Те же люди, что и вчера, — ну, может, люди и другие, но точно такие же — сидели перед маленьким магазинчиком и негромко поздоровались с ним, когда он прошел через скрипучую сетчатую дверь; в помещении чем-то приятно пахло. Он бросил в почтовый ящик письмо Споффорда, адресованное Роузи, и достал десятицентовую монетку и письмо, полученное из колледжа Петра Рамуса.
Через полчаса он снова стоял на улице, ошеломленный, не зная, злиться ему или смеяться. Он рассмотрел еще раз, при солнечном свете, то письмо, которое привело его сюда, соблазнило поехать в такую даль и выбросило на песчаную отмель; оно выглядело вполне реальным, на конверте значилось его имя, и вроде бы даже не отбитое штемпелем; на оборотной стороне липли к пальцам какие-то буквы, снизу подпись чернилами — нет, при ближайшем рассмотрении оказалось, что это все-таки штемпель. И тем не менее оно было фальшивым, его произвел на свет какой-то безмозглый компьютер в администрации колледжа, тогда как исторический факультет оного давно уже успел принять совсем другое решение.
Вакансия, на которую ему предложили подать заявление, была давным-давно заполнена, еще до того, как он уехал из города, даже раньше, чем он получил это письмо-призрак.
До истины добраться оказалось не легко. Ответственный за злополучное письмо компьютер как раз «завис», и теперь до висевшей на нем информации, до тонких струек электромагнитного поля, было уже не добраться. Секретарши в факультетском деканате отказывались верить в самую возможность настолько идиотского стечения обстоятельств, и даже когда Пирс сам вынужден был выдвинуть «компьютерную» версию, не очень-то в нее веря, они, похоже, склонны были переложить вину на него. Почему он не перезвонил перед тем, как ехать?

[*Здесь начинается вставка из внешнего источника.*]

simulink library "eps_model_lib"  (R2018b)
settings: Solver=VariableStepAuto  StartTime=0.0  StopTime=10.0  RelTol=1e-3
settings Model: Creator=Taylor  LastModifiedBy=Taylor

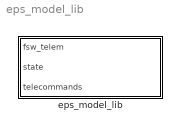
== system eps_model_lib ==
  eps_model_lib : Subsystem

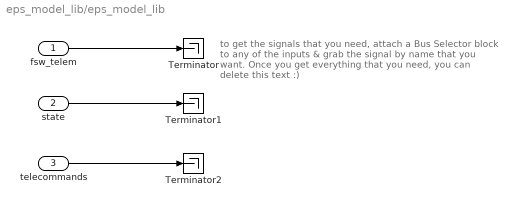
== system eps_model_lib/eps_model_lib ==
  note: to get the signals that you need, attach a
      | Bus Selector block to any of the inputs &
      | grab the signal by name that you want.
      |
      | Once you get everything that you need, you
      | can delete this text :)
  fsw_telem : Inport  OutDataTypeStr=Bus: fsw_telemetry
  state : Inport  Port=2  OutDataTypeStr=Bus: state
  telecommands : Inport  Port=3  OutDataTypeStr=Bus: cdh_data
  Terminator : Terminator
  Terminator1 : Terminator
  Terminator2 : Terminator
  wires:
  fsw_telem/1 -> Terminator/1
  state/1 -> Terminator1/1
  telecommands/1 -> Terminator2/1

Почему он не перезвонил? Ну почему он не перезвонил? Все еще держа письмо в руках, Пирс брел по шоссе. Докатились: нам теперь надлежит всякий раз перезванивать, дабы убедиться в том, что затеянное нами предприятие — реальность, а не очередной глюк злокозненного электронного пакостника. Сам виноват, что поверил почте. Господа, я получил ваше от 15-го сего, будьте так добры, оно действительно имеет силу или это, типа, шутка?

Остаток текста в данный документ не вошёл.